Even when using vC Ops from VMware, vCenter metrics, vCloud Metrics, and Hyperic Montoring there are things that can be missed.
What if the datastore shows 1ms latency on the vSphere host, the CPU usage is low, the Memory is not being swapped, but a user insists it is just ‘slow’. What would you check?
In our cloud deployment (25,000 VMs in a single vCloud instance, and we have 4); I have deployed 4 - 6 VMs per vCenter across differnet datastores, on different hosts. These VMs are 512MB of RAM, 16GB of Hard Drive, and 1 vCPU. On these VMs I installed CentOS, MySQL and sysbench.
sysbench for those that do not know runs artificial tests against the HDD, RAM, CPU and MySQL. Since we have the CPU, RAM and HDD monitored by other products, I configured it to only point at the MySQL server. The MySQL test will test every portion of the compute stack. While the RAM and CPU may report within acceptable ranges, they maybe high in those ranges. Combinded that may cause a performance impact.

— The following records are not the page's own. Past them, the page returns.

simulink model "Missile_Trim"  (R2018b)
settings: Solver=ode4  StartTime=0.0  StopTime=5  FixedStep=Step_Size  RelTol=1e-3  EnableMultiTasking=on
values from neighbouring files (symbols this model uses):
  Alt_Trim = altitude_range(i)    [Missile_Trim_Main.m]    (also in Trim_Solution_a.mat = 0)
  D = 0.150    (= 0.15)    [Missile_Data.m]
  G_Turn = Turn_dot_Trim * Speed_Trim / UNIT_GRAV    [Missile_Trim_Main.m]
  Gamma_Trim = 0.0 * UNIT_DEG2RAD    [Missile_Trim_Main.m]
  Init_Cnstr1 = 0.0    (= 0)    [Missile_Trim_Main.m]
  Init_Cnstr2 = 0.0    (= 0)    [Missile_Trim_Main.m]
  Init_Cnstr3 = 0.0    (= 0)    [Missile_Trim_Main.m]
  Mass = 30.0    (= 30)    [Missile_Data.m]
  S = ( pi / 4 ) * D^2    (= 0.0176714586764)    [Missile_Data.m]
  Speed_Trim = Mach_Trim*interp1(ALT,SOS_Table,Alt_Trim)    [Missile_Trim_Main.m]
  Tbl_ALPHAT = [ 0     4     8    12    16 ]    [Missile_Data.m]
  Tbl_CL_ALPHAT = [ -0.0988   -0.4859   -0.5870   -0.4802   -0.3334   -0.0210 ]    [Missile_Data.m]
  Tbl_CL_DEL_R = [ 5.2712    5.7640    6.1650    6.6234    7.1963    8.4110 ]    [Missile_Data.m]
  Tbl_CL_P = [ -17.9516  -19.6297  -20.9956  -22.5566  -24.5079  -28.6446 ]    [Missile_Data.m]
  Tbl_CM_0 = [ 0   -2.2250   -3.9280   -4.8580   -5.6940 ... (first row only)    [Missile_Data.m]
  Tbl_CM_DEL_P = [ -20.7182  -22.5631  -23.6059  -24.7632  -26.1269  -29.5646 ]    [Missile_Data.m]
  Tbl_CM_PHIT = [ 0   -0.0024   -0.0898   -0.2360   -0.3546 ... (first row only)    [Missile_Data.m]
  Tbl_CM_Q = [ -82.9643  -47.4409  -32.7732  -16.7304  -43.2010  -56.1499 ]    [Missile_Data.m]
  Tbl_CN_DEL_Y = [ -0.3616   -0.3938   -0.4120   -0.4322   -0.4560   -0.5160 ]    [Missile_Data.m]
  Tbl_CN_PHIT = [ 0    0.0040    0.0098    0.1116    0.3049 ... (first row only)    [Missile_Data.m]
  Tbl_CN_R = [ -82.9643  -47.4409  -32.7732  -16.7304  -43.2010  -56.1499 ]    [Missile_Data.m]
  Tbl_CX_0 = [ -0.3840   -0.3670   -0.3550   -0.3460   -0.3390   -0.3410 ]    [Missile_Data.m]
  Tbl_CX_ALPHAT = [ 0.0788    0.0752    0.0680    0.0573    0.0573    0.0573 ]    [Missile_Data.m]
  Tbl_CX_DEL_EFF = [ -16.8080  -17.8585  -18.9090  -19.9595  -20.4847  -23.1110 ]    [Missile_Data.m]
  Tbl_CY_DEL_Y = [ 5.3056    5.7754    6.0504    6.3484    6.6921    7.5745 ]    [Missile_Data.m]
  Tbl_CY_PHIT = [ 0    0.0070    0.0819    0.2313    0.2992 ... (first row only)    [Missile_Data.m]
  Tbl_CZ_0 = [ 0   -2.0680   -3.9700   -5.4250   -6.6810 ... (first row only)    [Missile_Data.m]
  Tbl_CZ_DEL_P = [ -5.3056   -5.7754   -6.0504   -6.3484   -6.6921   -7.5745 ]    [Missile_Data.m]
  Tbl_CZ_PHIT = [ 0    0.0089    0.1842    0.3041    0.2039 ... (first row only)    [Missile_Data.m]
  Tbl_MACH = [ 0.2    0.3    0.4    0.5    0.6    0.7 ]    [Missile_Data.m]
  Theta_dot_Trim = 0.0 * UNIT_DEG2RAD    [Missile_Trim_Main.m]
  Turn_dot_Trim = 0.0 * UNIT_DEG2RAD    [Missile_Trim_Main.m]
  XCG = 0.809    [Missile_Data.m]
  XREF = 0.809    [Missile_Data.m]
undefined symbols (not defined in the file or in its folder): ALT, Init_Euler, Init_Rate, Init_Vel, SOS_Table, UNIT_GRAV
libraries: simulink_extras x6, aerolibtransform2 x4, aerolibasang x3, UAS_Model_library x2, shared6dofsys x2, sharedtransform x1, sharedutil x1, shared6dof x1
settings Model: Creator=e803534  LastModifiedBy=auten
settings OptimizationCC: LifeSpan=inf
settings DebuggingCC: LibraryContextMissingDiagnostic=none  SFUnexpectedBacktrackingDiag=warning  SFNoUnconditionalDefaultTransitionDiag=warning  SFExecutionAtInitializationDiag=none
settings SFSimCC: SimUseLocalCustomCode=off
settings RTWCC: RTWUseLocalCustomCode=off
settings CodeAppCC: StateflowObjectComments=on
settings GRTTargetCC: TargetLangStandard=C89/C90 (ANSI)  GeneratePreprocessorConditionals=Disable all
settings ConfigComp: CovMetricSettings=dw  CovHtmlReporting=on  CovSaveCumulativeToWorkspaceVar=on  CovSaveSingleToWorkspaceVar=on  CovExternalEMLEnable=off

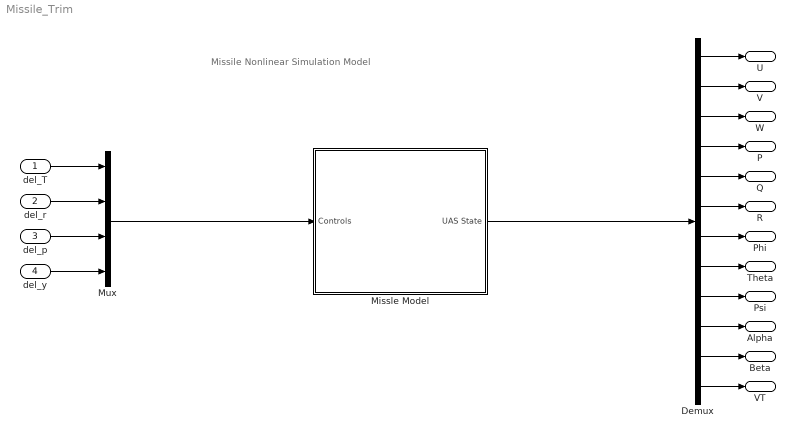
== system Missile_Trim ==
  note: Missile Nonlinear Simulation Model
  del_T : Inport
  "del_r " : Inport  Port=2
  del_p : Inport  Port=3
  del_y : Inport  Port=4
  Demux : Demux  Outputs=12
  Missle Model : Subsystem
  Mux : Mux
  U : Outport
  V : Outport  Port=2
  W : Outport  Port=3
  P : Outport  Port=4
  Q : Outport  Port=5
  R : Outport  Port=6
  Phi : Outport  Port=7
  Theta : Outport  Port=8
  Psi : Outport  Port=9
  Alpha : Outport  Port=10
  Beta : Outport  Port=11
  VT : Outport  Port=12
  wires:
  Mux/1 -> Missle Model/1(Controls)
  del_p/1 -> Mux/3
  "del_r "/1 -> Mux/2
  del_T/1 -> Mux/1
  del_y/1 -> Mux/4
  Missle Model/1(UAS State) -> Demux/1
  Demux/1 -> U/1
  Demux/3 -> W/1
  Demux/5 -> Q/1
  Demux/6 -> R/1
  Demux/7 -> Phi/1
  Demux/9 -> Psi/1
  Demux/10 -> Alpha/1
  Demux/11 -> Beta/1
  Demux/12 -> VT/1
  Demux/4 -> P/1
  Demux/2 -> V/1
  Demux/8 -> Theta/1

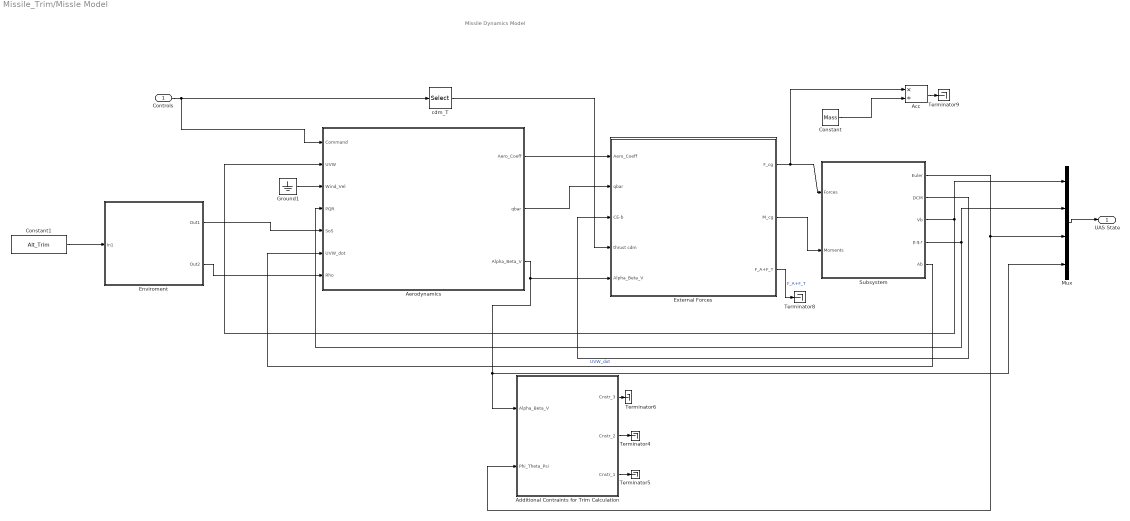
== system Missile_Trim/Missle Model ==
  note: Missile Dynamics Model
  Controls : Inport
  Acc : Product  Inputs=*/  RndMeth=Zero
  Additional Contraints for Trim Calculation : Subsystem
  Aerodynamics : Subsystem
  Constant : Constant  Value=Mass
  Constant1 : Constant  Value=Alt_Trim
  Enviroment : Subsystem
  External Forces : Subsystem
  Ground1 : Ground
  Mux : Mux
  Subsystem : Subsystem
  Terminator{4..6,8..9} (5 alike) : Terminator
  cdm_T : Selector  InputPortWidth=4  IndexOptions=Index vector (dialog)  Indices=[1]  OutputSizes=1
  UAS State : Outport
  wires:
  Controls/1 -> Aerodynamics/1(Command), cdm_T/1
  External Forces/1(F_cg) -> Subsystem/1(Forces), Acc/1
  External Forces/2(M_cg) -> Subsystem/2(Moments)
  Constant/1 -> Acc/2
  Mux/1 -> UAS State/1
  Subsystem/3(Vb) -> Mux/1, Aerodynamics/2(UVW)
  Subsystem/4(p,q,r) -> Aerodynamics/4(PQR), Mux/2
  Acc/1 -> Terminator9/1
  Additional Contraints for Trim Calculation/2(Cnstr_2) -> Terminator4/1
  Additional Contraints for Trim Calculation/3(Cnstr_1) -> Terminator5/1
  Additional Contraints for Trim Calculation/1(Cnstr_3) -> Terminator6/1
  Subsystem/1(Euler) -> Mux/3, Additional Contraints for Trim Calculation/2(Phi_Theta_Psi)
  Subsystem/2(DCM) -> External Forces/3(CE-b)
  cdm_T/1 -> External Forces/4(thrust cdm)
  External Forces/3(F_A+F_T) -> Terminator8/1  "F_A+F_T"
  Aerodynamics/3(Alpha_Beta_V) -> Additional Contraints for Trim Calculation/1(Alpha_Beta_V), Mux/4, External Forces/5(Alpha_Beta_V)
  Ground1/1 -> Aerodynamics/3(Wind_Vel)
  Subsystem/5(Ab) -> Aerodynamics/6(UVW_dot)  "UVW_dot"
  Aerodynamics/1(Aero_Coeff) -> External Forces/1(Aero_Coeff)
  Aerodynamics/2(qbar) -> External Forces/2(qbar)
  Constant1/1 -> Enviroment/1(In1)
  Enviroment/1(Out1) -> Aerodynamics/5(SoS)
  Enviroment/2(Out2) -> Aerodynamics/7(Rho)

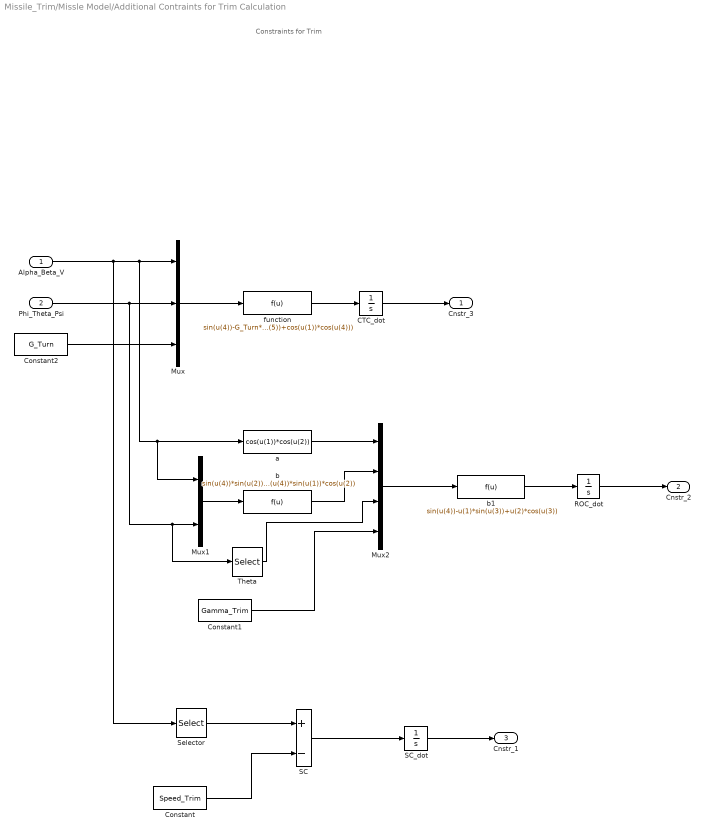
== system Missile_Trim/Missle Model/Additional Contraints for Trim Calculation ==
  note: Constraints for Trim
  Alpha_Beta_V : Inport  PortDimensions=3
  Phi_Theta_Psi : Inport  Port=2  PortDimensions=3
  CTC_dot : Integrator  InitialCondition=Init_Cnstr3
  Constant : Constant  Value=Speed_Trim
  Constant1 : Constant  Value=Gamma_Trim
  Constant2 : Constant  Value=G_Turn
  Mux : Mux  Inputs=3
  Mux1 : Mux  Inputs=2
  Mux2 : Mux
  ROC_dot : Integrator  InitialCondition=Init_Cnstr2
  SC : Sum  Inputs=+-
  SC_dot : Integrator  InitialCondition=Init_Cnstr1
  Selector : Selector  InputPortWidth=3  IndexOptions=Index vector (dialog)  Indices=[3]  OutputSizes=1
  Theta : Selector  InputPortWidth=3  IndexOptions=Index vector (dialog)  Indices=[2]  OutputSizes=1
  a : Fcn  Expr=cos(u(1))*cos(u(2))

My script runs every 5 minutes via a cron job, and logs the data to a SQL database, for later reporting and analysis.
I won’t cover how to install sysbench or MySQL here, since that can be found else where on the internet. sysbench & MySQL
You will also need to install iSQL for CentOS, to write your data to a SQL server (if that is your target), those instructions can be found here .
After you have the above installed and ready, you can run the following to get a report on the status of your VMs performance:
1sysbench --num-threads=16 --max-requests=10000 --test=oltp --oltp-table-size=500000 --mysql-socket=/var/lib/mysql/mysql.sock --oltp-test-mode=complex --mysql-user=root --mysql-password=VMware1! run > mysql.sysbench
2$testvaule = cat mysql.sysbench | egrep " cat|transactions:" | awk {'print substr($3,2) '}
3$date = date -u "+%F %R"
4$machine = ifconfig eth0 | grep inet | awk '{ print substr($2,6) }’
5$hostname = hostname
6inssql="insert into TABLENAME VALUES (‘$date', ‘$machine', ‘$testvalue’,’$hostname')"
7echo $inssql | isql HOSTNAME USERNAME PASSWORD
The above will insert the data in to a SQL table, for later reporting.
Keep in mind you do not want to make a ‘monster’ VM, the smaller the better, you want to tax all of the components. If you give it 4GB of RAM, then MySQL will cache all of the disk I/O in RAM and not report an accurate number. If you give it 4 vCPU’s you may actually artificially lower your score by causing the hypervisor to schedule 4 vCPUs worth of tasks. In this case smaller is most definitely better.
This will not replace the other monitoring solutions you may have, but it will help to augment those solutions.